” Wofür ? ”
„Weil ich Angst habe.“ Es war das erste Mal, dass sie es zugab.
“Wovor hast du Angst?”
„Immer noch zu glauben und dann zu gehen. Dass die Mädchen sich an mich binden und leiden. Angst vor mir haben.“
“Von Ihnen?”
„Ich habe Angst davor, festzustellen, dass ich dich immer noch liebe. Und davor, nicht mehr aufhören zu können.“
Die Worte hingen in der Luft. Das erste richtige Geständnis.
“Was wäre, wenn du nicht anhalten müsstest?”, flüsterte er.
„Jeder muss irgendwann aufhören, jemanden zu lieben.“
„Warum? Manchmal finden Menschen zueinander.“
„Zwölf Jahre, Eduardo. Zwölf Jahre. Wir sind nicht mehr dieselben.“
„Nein. Uns geht es besser.“
Sechs Wochen später war das Haus fertig. Klein, aber einladend und solide. Drei Schlafzimmer, ein helles Wohnzimmer, eine Küche, in der endlich alle Platz fanden.
Am Umzugstag lud Eduardo das letzte Möbelstück ein – Gabrielas alte Matratze, die für den Müllcontainer bestimmt war.
„So“, sagte er und wischte sich die Stirn ab.
„Es ist perfekt“, sagte Gabriela mit strahlenden Augen. Die Mädchen rannten jubelnd von Zimmer zu Zimmer.

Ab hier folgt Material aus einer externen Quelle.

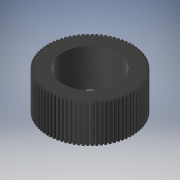
# Autodesk Inventor part: タミヤダンパー部品3
Saved by Autodesk Inventor 2020.1 (Build 241239000, 239)
## iProperties
Created: 2018-09-17
Part Number: タミヤダンパー部品3
Material: アセタール樹脂、黒
Document SubType Name: Modeling
Designer: 杉本　賢二郎
Density: 1.425 g/cm^3
Appearance: 滑らか - 黒
Author: 杉本　賢二郎
Autodesk Inventor part; units mm, degrees
ref_plane "YZ Plane" through (0, 0, 0) normal (1, 0, 0) x (0, 1, 0)
ref_plane "XZ Plane" through (0, 0, 0) normal (0, 1, 0) x (-1, 0, 0)
ref_plane "XY Plane" through (0, 0, 0) normal (0, 0, 1) x (1, 0, 0)
sketch "スケッチ1" plane through (0, 0, 0) normal (0, 1, 0) x (-1, 0, 0)
  arc A0 (0.0974, 4.9991) -> (-0.0974, 4.9991) centre (0, 0) ccw
  arc A1 (0.05, 4.8047) -> (-0.05, 4.8047) centre (0, 0) ccw
  line L0 (0.05, 4.8047) -> (0.0974, 4.9991)
  line L1 (-0.05, 4.8047) -> (-0.0974, 4.9991)
  line L2 (0, 4.9011) -> (0, 0)
  line L3 (-0.4268, 4.786) -> (-0.4893, 4.976)
  arc A2 (-0.2952, 4.9913) -> (-0.4893, 4.976) centre (0, 0) ccw
  line L4 (-0.3271, 4.7939) -> (-0.2952, 4.9913)
  arc A3 (-0.3271, 4.7939) -> (-0.4268, 4.786) centre (0, 0) ccw
  line L5 (-0.801, 4.7378) -> (-0.8782, 4.9223)
  arc A4 (-0.6859, 4.9527) -> (-0.8782, 4.9223) centre (0, 0) ccw
  line L6 (-0.7022, 4.7534) -> (-0.6859, 4.9527)
  arc A5 (-0.7022, 4.7534) -> (-0.801, 4.7378) centre (0, 0) ccw
  line L7 (-1.1703, 4.6603) -> (-1.2617, 4.8382)
  arc A6 (-1.0723, 4.8837) -> (-1.2617, 4.8382) centre (0, 0) ccw
  line L8 (-1.073, 4.6837) -> (-1.0723, 4.8837)
  arc A7 (-1.073, 4.6837) -> (-1.1703, 4.6603) centre (0, 0) ccw
  line L9 (-1.5323, 4.5541) -> (-1.6374, 4.7243)
  arc A8 (-1.4522, 4.7845) -> (-1.6374, 4.7243) centre (0, 0) ccw
  line L10 (-1.4372, 4.585) -> (-1.4522, 4.7845)
  arc A9 (-1.4372, 4.585) -> (-1.5323, 4.5541) centre (0, 0) ccw
  line L11 (-1.8849, 4.4199) -> (-2.003, 4.5813)
  arc A10 (-1.8231, 4.6558) -> (-2.003, 4.5813) centre (0, 0) ccw
  line L12 (-1.7925, 4.4581) -> (-1.8231, 4.6558)
  arc A11 (-1.7925, 4.4581) -> (-1.8849, 4.4199) centre (0, 0) ccw
  line L13 (-2.2259, 4.2584) -> (-2.3563, 4.41)
  arc A12 (-2.1828, 4.4984) -> (-2.3563, 4.41) centre (0, 0) ccw
  line L14 (-2.1368, 4.3038) -> (-2.1828, 4.4984)
  arc A13 (-2.1368, 4.3038) -> (-2.2259, 4.2584) centre (0, 0) ccw
  line L15 (-2.5531, 4.0706) -> (-2.695, 4.2115)
  arc A14 (-2.529, 4.3133) -> (-2.695, 4.2115) centre (0, 0) ccw
  line L16 (-2.4678, 4.1228) -> (-2.529, 4.3133)
  arc A15 (-2.4678, 4.1228) -> (-2.5531, 4.0706) centre (0, 0) ccw
  line L17 (-2.8646, 3.8577) -> (-3.0171, 3.9871)
  arc A16 (-2.8596, 4.1015) -> (-3.0171, 3.9871) centre (0, 0) ccw
  line L18 (-2.7837, 3.9165) -> (-2.8596, 4.1015)
  arc A17 (-2.7837, 3.9165) -> (-2.8646, 3.8577) centre (0, 0) ccw
  line L19 (-3.1584, 3.6211) -> (-3.3207, 3.7381)
  arc A18 (-3.1726, 3.8645) -> (-3.3207, 3.7381) centre (0, 0) ccw
  line L20 (-3.0824, 3.686) -> (-3.1726, 3.8645)
  arc A19 (-3.0824, 3.686) -> (-3.1584, 3.6211) centre (0, 0) ccw
  line L21 (-3.4328, 3.3621) -> (-3.6037, 3.466)
  arc A20 (-3.466, 3.6037) -> (-3.6037, 3.466) centre (0, 0) ccw
  line L22 (-3.3621, 3.4328) -> (-3.466, 3.6037)
  arc A21 (-3.3621, 3.4328) -> (-3.4328, 3.3621) centre (0, 0) ccw
  line L23 (-3.686, 3.0824) -> (-3.8645, 3.1726)
  arc A22 (-3.7381, 3.3207) -> (-3.8645, 3.1726) centre (0, 0) ccw
  line L24 (-3.6211, 3.1584) -> (-3.7381, 3.3207)
  arc A23 (-3.6211, 3.1584) -> (-3.686, 3.0824) centre (0, 0) ccw
  line L25 (-3.9165, 2.7837) -> (-4.1015, 2.8596)
  arc A24 (-3.9871, 3.0171) -> (-4.1015, 2.8596) centre (0, 0) ccw
  line L26 (-3.8577, 2.8646) -> (-3.9871, 3.0171)
  arc A25 (-3.8577, 2.8646) -> (-3.9165, 2.7837) centre (0, 0) ccw
  line L27 (-4.1228, 2.4678) -> (-4.3133, 2.529)
  arc A26 (-4.2115, 2.695) -> (-4.3133, 2.529) centre (0, 0) ccw
  line L28 (-4.0706, 2.5531) -> (-4.2115, 2.695)
  arc A27 (-4.0706, 2.5531) -> (-4.1228, 2.4678) centre (0, 0) ccw
  line L29 (-4.3038, 2.1368) -> (-4.4984, 2.1828)
  arc A28 (-4.41, 2.3563) -> (-4.4984, 2.1828) centre (0, 0) ccw
  line L30 (-4.2584, 2.2259) -> (-4.41, 2.3563)
  arc A29 (-4.2584, 2.2259) -> (-4.3038, 2.1368) centre (0, 0) ccw
  line L31 (-4.4581, 1.7925) -> (-4.6558, 1.8231)
  arc A30 (-4.5813, 2.003) -> (-4.6558, 1.8231) centre (0, 0) ccw
  line L32 (-4.4199, 1.8849) -> (-4.5813, 2.003)
  arc A31 (-4.4199, 1.8849) -> (-4.4581, 1.7925) centre (0, 0) ccw
  line L33 (-4.585, 1.4372) -> (-4.7845, 1.4522)
  arc A32 (-4.7243, 1.6374) -> (-4.7845, 1.4522) centre (0, 0) ccw
  line L34 (-4.5541, 1.5323) -> (-4.7243, 1.6374)
  arc A33 (-4.5541, 1.5323) -> (-4.585, 1.4372) centre (0, 0) ccw
  line L35 (-4.6837, 1.073) -> (-4.8837, 1.0723)
  arc A34 (-4.8382, 1.2617) -> (-4.8837, 1.0723) centre (0, 0) ccw
  line L36 (-4.6603, 1.1703) -> (-4.8382, 1.2617)
  arc A35 (-4.6603, 1.1703) -> (-4.6837, 1.073) centre (0, 0) ccw
  line L37 (-4.7534, 0.7022) -> (-4.9527, 0.6859)
  arc A36 (-4.9223, 0.8782) -> (-4.9527, 0.6859) centre (0, 0) ccw
  line L38 (-4.7378, 0.801) -> (-4.9223, 0.8782)
  arc A37 (-4.7378, 0.801) -> (-4.7534, 0.7022) centre (0, 0) ccw
  line L39 (-4.7939, 0.3271) -> (-4.9913, 0.2952)
  arc A38 (-4.976, 0.4893) -> (-4.9913, 0.2952) centre (0, 0) ccw
  line L40 (-4.786, 0.4268) -> (-4.976, 0.4893)
  arc A39 (-4.786, 0.4268) -> (-4.7939, 0.3271) centre (0, 0) ccw
  line L41 (-4.8047, -0.05) -> (-4.9991, -0.0974)
  arc A40 (-4.9991, 0.0974) -> (-4.9991, -0.0974) centre (0, 0) ccw
  line L42 (-4.8047, 0.05) -> (-4.9991, 0.0974)
  arc A41 (-4.8047, 0.05) -> (-4.8047, -0.05) centre (0, 0) ccw
  line L43 (-4.786, -0.4268) -> (-4.976, -0.4893)
  arc A42 (-4.9913, -0.2952) -> (-4.976, -0.4893) centre (0, 0) ccw
  line L44 (-4.7939, -0.3271) -> (-4.9913, -0.2952)
  arc A43 (-4.7939, -0.3271) -> (-4.786, -0.4268) centre (0, 0) ccw
  line L45 (-4.7378, -0.801) -> (-4.9223, -0.8782)
  arc A44 (-4.9527, -0.6859) -> (-4.9223, -0.8782) centre (0, 0) ccw
  line L46 (-4.7534, -0.7022) -> (-4.9527, -0.6859)
  arc A45 (-4.7534, -0.7022) -> (-4.7378, -0.801) centre (0, 0) ccw
  line L47 (-4.6603, -1.1703) -> (-4.8382, -1.2617)
  arc A46 (-4.8837, -1.0723) -> (-4.8382, -1.2617) centre (0, 0) ccw
  line L48 (-4.6837, -1.073) -> (-4.8837, -1.0723)
  arc A47 (-4.6837, -1.073) -> (-4.6603, -1.1703) centre (0, 0) ccw
  line L49 (-4.5541, -1.5323) -> (-4.7243, -1.6374)
  arc A48 (-4.7845, -1.4522) -> (-4.7243, -1.6374) centre (0, 0) ccw
  line L50 (-4.585, -1.4372) -> (-4.7845, -1.4522)
  arc A49 (-4.585, -1.4372) -> (-4.5541, -1.5323) centre (0, 0) ccw
  line L51 (-4.4199, -1.8849) -> (-4.5813, -2.003)
  arc A50 (-4.6558, -1.8231) -> (-4.5813, -2.003) centre (0, 0) ccw
  line L52 (-4.4581, -1.7925) -> (-4.6558, -1.8231)
  arc A51 (-4.4581, -1.7925) -> (-4.4199, -1.8849) centre (0, 0) ccw
  line L53 (-4.2584, -2.2259) -> (-4.41, -2.3563)
  arc A52 (-4.4984, -2.1828) -> (-4.41, -2.3563) centre (0, 0) ccw
  line L54 (-4.3038, -2.1368) -> (-4.4984, -2.1828)
  arc A53 (-4.3038, -2.1368) -> (-4.2584, -2.2259) centre (0, 0) ccw
  line L55 (-4.0706, -2.5531) -> (-4.2115, -2.695)
  arc A54 (-4.3133, -2.529) -> (-4.2115, -2.695) centre (0, 0) ccw
  line L56 (-4.1228, -2.4678) -> (-4.3133, -2.529)
  arc A55 (-4.1228, -2.4678) -> (-4.0706, -2.5531) centre (0, 0) ccw
  line L57 (-3.8577, -2.8646) -> (-3.9871, -3.0171)
  arc A56 (-4.1015, -2.8596) -> (-3.9871, -3.0171) centre (0, 0) ccw
  line L58 (-3.9165, -2.7837) -> (-4.1015, -2.8596)
  arc A57 (-3.9165, -2.7837) -> (-3.8577, -2.8646) centre (0, 0) ccw
  line L59 (-3.6211, -3.1584) -> (-3.7381, -3.3207)
  arc A58 (-3.8645, -3.1726) -> (-3.7381, -3.3207) centre (0, 0) ccw
  line L60 (-3.686, -3.0824) -> (-3.8645, -3.1726)
  arc A59 (-3.686, -3.0824) -> (-3.6211, -3.1584) centre (0, 0) ccw
  line L61 (-3.3621, -3.4328) -> (-3.466, -3.6037)
  arc A60 (-3.6037, -3.466) -> (-3.466, -3.6037) centre (0, 0) ccw
  line L62 (-3.4328, -3.3621) -> (-3.6037, -3.466)
  arc A61 (-3.4328, -3.3621) -> (-3.3621, -3.4328) centre (0, 0) ccw
  line L63 (-3.0824, -3.686) -> (-3.1726, -3.8645)
  arc A62 (-3.3207, -3.7381) -> (-3.1726, -3.8645) centre (0, 0) ccw
  line L64 (-3.1584, -3.6211) -> (-3.3207, -3.7381)
  arc A63 (-3.1584, -3.6211) -> (-3.0824, -3.686) centre (0, 0) ccw
  line L65 (-2.7837, -3.9165) -> (-2.8596, -4.1015)
  arc A64 (-3.0171, -3.9871) -> (-2.8596, -4.1015) centre (0, 0) ccw
  line L66 (-2.8646, -3.8577) -> (-3.0171, -3.9871)
  arc A65 (-2.8646, -3.8577) -> (-2.7837, -3.9165) centre (0, 0) ccw
  line L67 (-2.4678, -4.1228) -> (-2.529, -4.3133)
  arc A66 (-2.695, -4.2115) -> (-2.529, -4.3133) centre (0, 0) ccw
  line L68 (-2.5531, -4.0706) -> (-2.695, -4.2115)
  arc A67 (-2.5531, -4.0706) -> (-2.4678, -4.1228) centre (0, 0) ccw
  line L69 (-2.1368, -4.3038) -> (-2.1828, -4.4984)
  arc A68 (-2.3563, -4.41) -> (-2.1828, -4.4984) centre (0, 0) ccw
  line L70 (-2.2259, -4.2584) -> (-2.3563, -4.41)
  arc A69 (-2.2259, -4.2584) -> (-2.1368, -4.3038) centre (0, 0) ccw
  line L71 (-1.7925, -4.4581) -> (-1.8231, -4.6558)
  arc A70 (-2.003, -4.5813) -> (-1.8231, -4.6558) centre (0, 0) ccw
  line L72 (-1.8849, -4.4199) -> (-2.003, -4.5813)
  arc A71 (-1.8849, -4.4199) -> (-1.7925, -4.4581) centre (0, 0) ccw
  line L73 (-1.4372, -4.585) -> (-1.4522, -4.7845)
  arc A72 (-1.6374, -4.7243) -> (-1.4522, -4.7845) centre (0, 0) ccw
  line L74 (-1.5323, -4.5541) -> (-1.6374, -4.7243)
  arc A73 (-1.5323, -4.5541) -> (-1.4372, -4.585) centre (0, 0) ccw
  line L75 (-1.073, -4.6837) -> (-1.0723, -4.8837)
  arc A74 (-1.2617, -4.8382) -> (-1.0723, -4.8837) centre (0, 0) ccw
  line L76 (-1.1703, -4.6603) -> (-1.2617, -4.8382)
  arc A75 (-1.1703, -4.6603) -> (-1.073, -4.6837) centre (0, 0) ccw
  line L77 (-0.7022, -4.7534) -> (-0.6859, -4.9527)
  arc A76 (-0.8782, -4.9223) -> (-0.6859, -4.9527) centre (0, 0) ccw
  line L78 (-0.801, -4.7378) -> (-0.8782, -4.9223)
  arc A77 (-0.801, -4.7378) -> (-0.7022, -4.7534) centre (0, 0) ccw
  line L79 (-0.3271, -4.7939) -> (-0.2952, -4.9913)
  arc A78 (-0.4893, -4.976) -> (-0.2952, -4.9913) centre (0, 0) ccw
  line L80 (-0.4268, -4.786) -> (-0.4893, -4.976)
  arc A79 (-0.4268, -4.786) -> (-0.3271, -4.7939) centre (0, 0) ccw
  line L81 (0.05, -4.8047) -> (0.0974, -4.9991)
  arc A80 (-0.0974, -4.9991) -> (0.0974, -4.9991) centre (0, 0) ccw
  line L82 (-0.05, -4.8047) -> (-0.0974, -4.9991)
  arc A81 (-0.05, -4.8047) -> (0.05, -4.8047) centre (0, 0) ccw
  line L83 (0.4268, -4.786) -> (0.4893, -4.976)
  arc A82 (0.2952, -4.9913) -> (0.4893, -4.976) centre (0, 0) ccw
  line L84 (0.3271, -4.7939) -> (0.2952, -4.9913)
  arc A83 (0.3271, -4.7939) -> (0.4268, -4.786) centre (0, 0) ccw
  line L85 (0.801, -4.7378) -> (0.8782, -4.9223)
  arc A84 (0.6859, -4.9527) -> (0.8782, -4.9223) centre (0, 0) ccw
  line L86 (0.7022, -4.7534) -> (0.6859, -4.9527)
  arc A85 (0.7022, -4.7534) -> (0.801, -4.7378) centre (0, 0) ccw
  line L87 (1.1703, -4.6603) -> (1.2617, -4.8382)
  arc A86 (1.0723, -4.8837) -> (1.2617, -4.8382) centre (0, 0) ccw
  line L88 (1.073, -4.6837) -> (1.0723, -4.8837)
  arc A87 (1.073, -4.6837) -> (1.1703, -4.6603) centre (0, 0) ccw
  line L89 (1.5323, -4.5541) -> (1.6374, -4.7243)
  arc A88 (1.4522, -4.7845) -> (1.6374, -4.7243) centre (0, 0) ccw
  line L90 (1.4372, -4.585) -> (1.4522, -4.7845)
  arc A89 (1.4372, -4.585) -> (1.5323, -4.5541) centre (0, 0) ccw
  line L91 (1.8849, -4.4199) -> (2.003, -4.5813)
  arc A90 (1.8231, -4.6558) -> (2.003, -4.5813) centre (0, 0) ccw
  line L92 (1.7925, -4.4581) -> (1.8231, -4.6558)
  arc A91 (1.7925, -4.4581) -> (1.8849, -4.4199) centre (0, 0) ccw
  line L93 (2.2259, -4.2584) -> (2.3563, -4.41)
  arc A92 (2.1828, -4.4984) -> (2.3563, -4.41) centre (0, 0) ccw
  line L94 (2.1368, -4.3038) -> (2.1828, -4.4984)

“So… was machen wir jetzt? Die Arbeit ist getan”, fragte Eduardo.
Ein Kloß der Panik umfing Gabriela. „Wirst du … wirst du gehen?“
„Ich habe dir gesagt, dass es von dir abhängt. Willst du, dass ich gehe?“
„Nein!“, riefen Valeria und Isabel gleichzeitig den Flur entlang.
Gabriela holte tief Luft. Sie blickte zu ihren Töchtern, zu dem Haus, das er mit eigenen Händen gebaut hatte, und dann zu ihm. Der Mann, bedeckt mit Gips und Schweiß, sah sie mit mehr Liebe an, als sie je zuvor gesehen hatte.
„Nein“, sagte sie leise. „Ich möchte nicht, dass du gehst.“
“Wer heute? Noch morgen?”
“Niemals.”
„Mama hat gesagt, du bleibst für immer hier!“, übersetzte Isabel und packte ihr Bein.
Eduardo lächelte, ein Lächeln, das sein ganzes Gesicht erhellte. „Also, ich glaube, ich bleibe.“
„Aber wo schläfst du denn?“, fragte Valeria pragmatisch. „Es gibt nur drei Schlafzimmer: unseres und Mamas.“
Eduardo blickte Gabriela mit hochgezogener Augenbraue an.
Sie errötete, senkte aber den Blick nicht. „Ich glaube … ich glaube, Mamas Zimmer ist groß genug für zwei.“
Valeria lächelte triumphierend. „Ich wusste es. Du wirst wieder heiraten.“
„Immer nur einen Tag nach dem anderen, meine Tochter“, lachte Gabriela.
„Einen Tag nach dem anderen“, wiederholte Eduardo und hielt sie fest im Arm.
Sechs Monate später heirateten sie im kleinen Innenhof ihres neuen Hauses. Eine schlichte Zeremonie im Beisein von Guadalupe und einigen Nachbarn. Valeria und Isabel waren Brautjungfern und trugen die gleichen Kleider.
Als der stellvertretende Bürgermeister sagte: „Sie dürfen die Braut küssen“, rief Isabel: „Küsse von Mama und Papa!“
Und als Eduardo Gabriela küsste, wusste er, dass er nicht nur ein Haus repariert hatte. Er hatte ein Zuhause wiederaufgebaut. Zwölf Jahre hatte es gedauert, eine Reise von Madrid in die Armut und zurück zur Liebe, aber er war endlich da, wo er hingehörte. Er hatte begriffen, dass wahrer Erfolg nicht in Euro auf dem Bankkonto gemessen wird, sondern an der Stärke der Mauern, die man um die Menschen gründete, die man liebt.